On one hand, i am hoping for the pond to freeze over, on the other hand i don't want to have the duckies being frozen into the pond. Are domestic ducks clever enough not to become frozen in ponds?
 
I have Mallards and have never seen a white belly. My Dusky Mallards look different but I have never had a female one so maybe that is what that was. My Male has no white ring around his neck and his belly has some light gray on it along with its back. Beautiful green head though. Maybe it had something mixed with it or it was in a partial molt, I don't know.
So, that Mallard girl could have been the result of inter-breeding with domestic ducks? - That would be bad. Really bad...
 
As for more questions, the most burning one:

Does anybody have an idea how i can convince my ducks to leave the pond in the evening and come back to their house to sleep in there, protected and warm?
It is not their fault, i was out cold for a couple of days and nobody cared to lock them in over night or gave them their supper bowl, so they secured themselves on a body of water. But now it is getting colder and colder and it is no longer safe to be there over night.
I refuse to give them any food up there and i try to make the nights as inconvenient as possible, but not even the laser-smilie of doom…
full
... seems to be scary enough. I cannot fence in the pond, first i simply do not have enough fencing material, second the back-side of the pond is steep and unsafe to walk on for humons - not for the ducks though if i would fence in the front of the pond, they would just walk around the fence, through the wooded area and back into the pond. That wooded area is full of predators, i have seen a fox out there already, which took off at super-sonic speed when i pointed a laser at it.
On one hand, i am hoping for the pond to freeze over, on the other hand i don't want to have the duckies being frozen into the pond. Are domestic ducks clever enough not to become frozen in ponds?
I doubt it, it happens to their wild cousins they get stuck when the water freezes around them.
 
As for more questions, the most burning one:

Does anybody have an idea how i can convince my ducks to leave the pond in the evening and come back to their house to sleep in there, protected and warm?

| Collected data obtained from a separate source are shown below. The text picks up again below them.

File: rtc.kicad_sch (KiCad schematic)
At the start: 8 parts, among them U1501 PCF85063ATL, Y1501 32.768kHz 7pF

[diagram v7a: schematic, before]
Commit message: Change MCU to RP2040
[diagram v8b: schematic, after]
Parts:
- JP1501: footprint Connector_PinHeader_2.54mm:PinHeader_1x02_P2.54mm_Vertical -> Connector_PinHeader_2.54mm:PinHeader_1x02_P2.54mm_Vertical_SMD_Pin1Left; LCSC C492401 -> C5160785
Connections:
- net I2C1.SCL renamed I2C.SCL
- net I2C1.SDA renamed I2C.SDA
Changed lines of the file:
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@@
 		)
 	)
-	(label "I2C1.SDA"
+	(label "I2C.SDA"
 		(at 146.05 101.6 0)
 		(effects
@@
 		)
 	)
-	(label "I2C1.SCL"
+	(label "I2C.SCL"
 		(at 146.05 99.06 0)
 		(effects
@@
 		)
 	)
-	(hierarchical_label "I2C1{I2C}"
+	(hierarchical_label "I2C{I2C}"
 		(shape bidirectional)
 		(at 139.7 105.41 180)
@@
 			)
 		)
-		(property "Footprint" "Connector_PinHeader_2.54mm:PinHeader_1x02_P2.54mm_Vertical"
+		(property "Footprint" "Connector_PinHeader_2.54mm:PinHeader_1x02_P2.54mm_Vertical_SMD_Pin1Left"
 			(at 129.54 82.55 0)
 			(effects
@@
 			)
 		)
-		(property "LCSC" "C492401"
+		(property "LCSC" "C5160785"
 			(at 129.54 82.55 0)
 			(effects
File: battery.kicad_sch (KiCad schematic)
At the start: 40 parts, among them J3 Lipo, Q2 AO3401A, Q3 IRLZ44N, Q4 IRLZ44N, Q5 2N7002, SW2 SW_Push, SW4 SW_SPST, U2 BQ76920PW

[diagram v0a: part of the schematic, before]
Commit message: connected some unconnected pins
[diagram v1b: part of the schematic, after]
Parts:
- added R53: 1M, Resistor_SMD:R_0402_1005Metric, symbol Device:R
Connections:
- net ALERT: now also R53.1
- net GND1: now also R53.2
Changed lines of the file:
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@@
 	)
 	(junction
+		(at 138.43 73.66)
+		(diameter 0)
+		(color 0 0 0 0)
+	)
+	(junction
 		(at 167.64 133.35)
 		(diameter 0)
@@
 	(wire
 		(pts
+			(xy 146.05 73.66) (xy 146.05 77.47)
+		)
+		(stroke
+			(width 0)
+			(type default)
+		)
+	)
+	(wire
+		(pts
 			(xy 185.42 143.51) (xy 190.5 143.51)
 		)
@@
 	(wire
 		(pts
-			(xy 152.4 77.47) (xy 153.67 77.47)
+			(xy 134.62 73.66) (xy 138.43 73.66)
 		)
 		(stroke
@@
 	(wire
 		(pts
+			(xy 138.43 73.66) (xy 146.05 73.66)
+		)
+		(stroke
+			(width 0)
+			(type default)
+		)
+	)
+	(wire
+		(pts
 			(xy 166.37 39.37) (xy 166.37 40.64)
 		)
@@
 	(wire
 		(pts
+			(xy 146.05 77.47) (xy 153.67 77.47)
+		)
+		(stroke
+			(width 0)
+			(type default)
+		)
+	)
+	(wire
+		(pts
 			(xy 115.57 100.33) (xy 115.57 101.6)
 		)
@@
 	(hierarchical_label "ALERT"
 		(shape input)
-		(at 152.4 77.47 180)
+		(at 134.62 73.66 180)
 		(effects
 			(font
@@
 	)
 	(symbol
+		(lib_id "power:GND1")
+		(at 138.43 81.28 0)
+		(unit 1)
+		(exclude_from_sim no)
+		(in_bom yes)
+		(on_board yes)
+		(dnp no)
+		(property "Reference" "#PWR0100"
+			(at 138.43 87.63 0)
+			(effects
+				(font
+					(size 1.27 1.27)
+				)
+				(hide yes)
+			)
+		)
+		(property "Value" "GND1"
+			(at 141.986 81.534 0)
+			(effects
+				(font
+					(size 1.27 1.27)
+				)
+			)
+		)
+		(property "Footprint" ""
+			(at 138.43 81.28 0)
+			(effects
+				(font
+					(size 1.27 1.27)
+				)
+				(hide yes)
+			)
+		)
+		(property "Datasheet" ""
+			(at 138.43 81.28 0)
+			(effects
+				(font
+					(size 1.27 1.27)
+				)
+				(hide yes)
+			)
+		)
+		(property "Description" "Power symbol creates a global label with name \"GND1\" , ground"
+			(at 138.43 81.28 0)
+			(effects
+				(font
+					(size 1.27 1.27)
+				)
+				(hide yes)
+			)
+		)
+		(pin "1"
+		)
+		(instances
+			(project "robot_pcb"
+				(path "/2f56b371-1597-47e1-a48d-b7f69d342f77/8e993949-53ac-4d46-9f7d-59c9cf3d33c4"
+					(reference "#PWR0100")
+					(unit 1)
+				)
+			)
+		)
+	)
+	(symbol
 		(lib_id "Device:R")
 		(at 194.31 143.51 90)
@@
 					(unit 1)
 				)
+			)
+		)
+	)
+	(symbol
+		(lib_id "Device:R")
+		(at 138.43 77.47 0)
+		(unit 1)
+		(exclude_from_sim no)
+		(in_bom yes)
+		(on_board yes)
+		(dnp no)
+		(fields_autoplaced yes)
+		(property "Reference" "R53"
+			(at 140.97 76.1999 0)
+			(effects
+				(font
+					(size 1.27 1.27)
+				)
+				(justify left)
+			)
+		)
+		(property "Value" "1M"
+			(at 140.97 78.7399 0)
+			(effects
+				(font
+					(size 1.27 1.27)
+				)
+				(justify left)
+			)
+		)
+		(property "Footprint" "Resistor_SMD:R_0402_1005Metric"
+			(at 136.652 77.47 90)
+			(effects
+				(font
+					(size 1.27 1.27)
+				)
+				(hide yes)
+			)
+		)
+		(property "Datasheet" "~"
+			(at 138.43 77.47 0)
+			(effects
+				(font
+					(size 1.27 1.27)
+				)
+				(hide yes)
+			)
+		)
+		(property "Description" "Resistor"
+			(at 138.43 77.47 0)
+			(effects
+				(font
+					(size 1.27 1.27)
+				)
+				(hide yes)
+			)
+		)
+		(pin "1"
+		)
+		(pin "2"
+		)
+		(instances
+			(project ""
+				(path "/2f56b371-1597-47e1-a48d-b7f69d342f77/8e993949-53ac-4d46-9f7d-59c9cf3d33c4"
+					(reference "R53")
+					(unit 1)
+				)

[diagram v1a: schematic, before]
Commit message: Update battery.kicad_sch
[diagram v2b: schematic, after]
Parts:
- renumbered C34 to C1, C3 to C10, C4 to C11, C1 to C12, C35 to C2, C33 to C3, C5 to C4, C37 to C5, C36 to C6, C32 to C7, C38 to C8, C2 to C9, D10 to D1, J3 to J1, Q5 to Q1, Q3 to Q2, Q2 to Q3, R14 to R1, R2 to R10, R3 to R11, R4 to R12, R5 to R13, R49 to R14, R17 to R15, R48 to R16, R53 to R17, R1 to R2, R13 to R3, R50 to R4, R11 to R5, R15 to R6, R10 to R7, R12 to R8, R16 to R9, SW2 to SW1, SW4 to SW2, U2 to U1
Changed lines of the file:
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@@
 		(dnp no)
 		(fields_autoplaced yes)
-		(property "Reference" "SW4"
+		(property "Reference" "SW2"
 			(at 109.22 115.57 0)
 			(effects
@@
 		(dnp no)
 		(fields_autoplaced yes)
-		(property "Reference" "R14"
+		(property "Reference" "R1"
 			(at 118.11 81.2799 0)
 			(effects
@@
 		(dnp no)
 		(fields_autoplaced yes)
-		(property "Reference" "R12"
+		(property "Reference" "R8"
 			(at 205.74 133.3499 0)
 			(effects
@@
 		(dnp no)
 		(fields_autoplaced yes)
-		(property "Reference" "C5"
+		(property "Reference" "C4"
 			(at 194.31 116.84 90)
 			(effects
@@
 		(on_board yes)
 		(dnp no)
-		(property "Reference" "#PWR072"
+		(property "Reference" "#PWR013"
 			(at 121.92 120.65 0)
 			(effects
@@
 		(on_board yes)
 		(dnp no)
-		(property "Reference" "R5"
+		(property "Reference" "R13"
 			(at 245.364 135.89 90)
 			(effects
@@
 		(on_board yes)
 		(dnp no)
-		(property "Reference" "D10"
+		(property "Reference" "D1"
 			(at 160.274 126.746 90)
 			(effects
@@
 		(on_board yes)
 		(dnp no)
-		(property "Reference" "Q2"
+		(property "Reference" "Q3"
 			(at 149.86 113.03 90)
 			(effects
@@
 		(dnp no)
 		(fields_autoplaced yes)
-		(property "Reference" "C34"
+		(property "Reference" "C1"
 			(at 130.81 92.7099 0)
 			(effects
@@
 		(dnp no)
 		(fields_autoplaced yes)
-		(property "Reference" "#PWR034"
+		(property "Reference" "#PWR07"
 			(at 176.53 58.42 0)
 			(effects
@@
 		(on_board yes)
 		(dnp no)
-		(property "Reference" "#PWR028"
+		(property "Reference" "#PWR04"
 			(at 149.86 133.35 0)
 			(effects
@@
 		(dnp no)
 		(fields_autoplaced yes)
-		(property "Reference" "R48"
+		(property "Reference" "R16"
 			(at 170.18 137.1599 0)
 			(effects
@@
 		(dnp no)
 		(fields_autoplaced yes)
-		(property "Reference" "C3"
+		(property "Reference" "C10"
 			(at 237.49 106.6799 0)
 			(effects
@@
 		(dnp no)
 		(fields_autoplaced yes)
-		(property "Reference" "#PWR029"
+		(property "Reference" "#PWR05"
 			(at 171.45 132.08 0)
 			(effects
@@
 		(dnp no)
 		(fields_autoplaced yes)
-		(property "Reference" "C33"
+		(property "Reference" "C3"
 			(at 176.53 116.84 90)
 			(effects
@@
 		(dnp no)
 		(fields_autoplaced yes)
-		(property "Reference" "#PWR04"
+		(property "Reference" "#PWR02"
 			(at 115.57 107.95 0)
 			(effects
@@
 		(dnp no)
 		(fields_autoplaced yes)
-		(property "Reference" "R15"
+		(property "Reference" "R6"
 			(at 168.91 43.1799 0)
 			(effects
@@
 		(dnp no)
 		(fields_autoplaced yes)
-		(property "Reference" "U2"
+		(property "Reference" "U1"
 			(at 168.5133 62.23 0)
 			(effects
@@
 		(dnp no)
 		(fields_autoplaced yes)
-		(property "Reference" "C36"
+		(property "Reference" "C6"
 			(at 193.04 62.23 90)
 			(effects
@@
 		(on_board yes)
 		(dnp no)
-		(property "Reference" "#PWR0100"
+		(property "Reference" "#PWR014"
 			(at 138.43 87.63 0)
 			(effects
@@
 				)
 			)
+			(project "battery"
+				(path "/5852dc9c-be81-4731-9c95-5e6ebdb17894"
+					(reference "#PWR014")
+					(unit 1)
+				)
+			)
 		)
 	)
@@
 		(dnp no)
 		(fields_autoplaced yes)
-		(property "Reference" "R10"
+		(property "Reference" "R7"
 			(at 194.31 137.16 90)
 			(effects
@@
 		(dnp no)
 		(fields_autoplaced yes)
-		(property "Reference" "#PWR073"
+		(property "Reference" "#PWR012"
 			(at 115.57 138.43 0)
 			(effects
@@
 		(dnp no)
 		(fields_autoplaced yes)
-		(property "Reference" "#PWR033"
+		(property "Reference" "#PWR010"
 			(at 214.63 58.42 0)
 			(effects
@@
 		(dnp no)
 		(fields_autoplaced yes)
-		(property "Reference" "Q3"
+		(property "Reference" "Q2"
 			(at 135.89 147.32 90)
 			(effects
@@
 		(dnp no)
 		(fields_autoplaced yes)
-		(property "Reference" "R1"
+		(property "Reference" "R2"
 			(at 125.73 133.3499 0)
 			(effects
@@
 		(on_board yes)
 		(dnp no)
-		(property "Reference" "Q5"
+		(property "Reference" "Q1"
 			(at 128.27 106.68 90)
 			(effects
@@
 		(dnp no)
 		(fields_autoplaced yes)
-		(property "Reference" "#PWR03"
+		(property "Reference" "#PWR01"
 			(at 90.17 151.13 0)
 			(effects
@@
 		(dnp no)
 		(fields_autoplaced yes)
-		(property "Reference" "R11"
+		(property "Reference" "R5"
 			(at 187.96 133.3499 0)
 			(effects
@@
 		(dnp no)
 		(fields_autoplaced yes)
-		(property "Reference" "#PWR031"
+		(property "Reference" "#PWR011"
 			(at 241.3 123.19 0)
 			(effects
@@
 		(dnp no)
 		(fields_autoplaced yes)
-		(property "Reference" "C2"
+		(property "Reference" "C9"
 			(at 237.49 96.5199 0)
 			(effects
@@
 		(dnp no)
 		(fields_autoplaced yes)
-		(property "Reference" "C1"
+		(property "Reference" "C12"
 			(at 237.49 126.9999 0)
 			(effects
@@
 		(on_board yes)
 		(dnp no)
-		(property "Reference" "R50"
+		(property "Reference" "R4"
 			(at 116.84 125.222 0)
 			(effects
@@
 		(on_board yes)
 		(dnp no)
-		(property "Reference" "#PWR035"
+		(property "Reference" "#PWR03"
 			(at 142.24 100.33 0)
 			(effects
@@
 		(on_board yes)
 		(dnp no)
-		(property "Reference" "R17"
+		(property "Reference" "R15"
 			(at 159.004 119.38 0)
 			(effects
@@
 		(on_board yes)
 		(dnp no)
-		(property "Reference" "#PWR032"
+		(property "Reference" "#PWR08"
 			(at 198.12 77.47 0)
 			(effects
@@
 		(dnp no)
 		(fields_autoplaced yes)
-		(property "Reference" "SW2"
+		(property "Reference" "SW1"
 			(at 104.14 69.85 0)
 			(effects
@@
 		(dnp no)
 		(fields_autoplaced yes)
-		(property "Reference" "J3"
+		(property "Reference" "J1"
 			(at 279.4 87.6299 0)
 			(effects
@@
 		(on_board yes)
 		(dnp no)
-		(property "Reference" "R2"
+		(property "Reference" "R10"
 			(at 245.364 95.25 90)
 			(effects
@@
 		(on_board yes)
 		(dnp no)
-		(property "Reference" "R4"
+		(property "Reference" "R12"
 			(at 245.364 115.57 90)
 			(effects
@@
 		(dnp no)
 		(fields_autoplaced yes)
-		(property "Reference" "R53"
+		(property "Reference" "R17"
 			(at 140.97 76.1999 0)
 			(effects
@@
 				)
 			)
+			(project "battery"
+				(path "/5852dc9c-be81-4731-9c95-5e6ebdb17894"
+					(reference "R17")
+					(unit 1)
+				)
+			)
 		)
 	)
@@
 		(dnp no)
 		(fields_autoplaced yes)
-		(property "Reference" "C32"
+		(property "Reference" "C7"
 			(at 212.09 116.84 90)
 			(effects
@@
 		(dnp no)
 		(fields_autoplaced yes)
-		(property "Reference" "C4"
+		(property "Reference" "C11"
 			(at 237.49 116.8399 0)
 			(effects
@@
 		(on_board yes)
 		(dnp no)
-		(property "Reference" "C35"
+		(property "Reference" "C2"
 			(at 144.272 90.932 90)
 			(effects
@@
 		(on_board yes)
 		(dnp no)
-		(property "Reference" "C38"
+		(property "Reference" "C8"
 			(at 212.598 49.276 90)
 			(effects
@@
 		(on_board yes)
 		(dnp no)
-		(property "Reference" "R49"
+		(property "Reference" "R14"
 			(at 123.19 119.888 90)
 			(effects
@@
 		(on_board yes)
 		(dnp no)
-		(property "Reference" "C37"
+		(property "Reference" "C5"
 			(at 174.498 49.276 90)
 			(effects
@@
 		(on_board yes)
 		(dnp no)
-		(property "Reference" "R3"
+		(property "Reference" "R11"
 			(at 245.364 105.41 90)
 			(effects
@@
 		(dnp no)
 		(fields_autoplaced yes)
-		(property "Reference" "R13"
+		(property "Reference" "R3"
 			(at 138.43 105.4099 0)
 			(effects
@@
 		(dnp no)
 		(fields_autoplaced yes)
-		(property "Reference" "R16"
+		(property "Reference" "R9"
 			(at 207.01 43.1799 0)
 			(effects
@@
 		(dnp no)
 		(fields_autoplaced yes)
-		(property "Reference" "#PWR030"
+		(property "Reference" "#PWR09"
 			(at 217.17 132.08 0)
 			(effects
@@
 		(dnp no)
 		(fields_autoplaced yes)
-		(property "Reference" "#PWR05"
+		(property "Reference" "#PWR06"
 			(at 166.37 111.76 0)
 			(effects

Their supper bowl isn't luring them in? That's about the only thing I can think of...
 
As for more questions, the most burning one:

Does anybody have an idea how i can convince my ducks to leave the pond in the evening and come back to their house to sleep in there, protected and warm?
It is not their fault, i was out cold for a couple of days and nobody cared to lock them in over night or gave them their supper bowl, so they secured themselves on a body of water. But now it is getting colder and colder and it is no longer safe to be there over night.
I refuse to give them any food up there and i try to make the nights as inconvenient as possible, but not even the laser-smilie of doom…
full
... seems to be scary enough. I cannot fence in the pond, first i simply do not have enough fencing material, second the back-side of the pond is steep and unsafe to walk on for humons - not for the ducks though if i would fence in the front of the pond, they would just walk around the fence, through the wooded area and back into the pond. That wooded area is full of predators, i have seen a fox out there already, which took off at super-sonic speed when i pointed a laser at it.
On one hand, i am hoping for the pond to freeze over, on the other hand i don't want to have the duckies being frozen into the pond. Are domestic ducks clever enough not to become frozen in ponds?
We had a domestic one get frozen on the pond next to our fire station in our town a few years back and for rescue practices the firemen went out and saved it. I don't know why it stayed out there like that as there were 4 and only one did that. Good luck Frank getting yours to come back to you.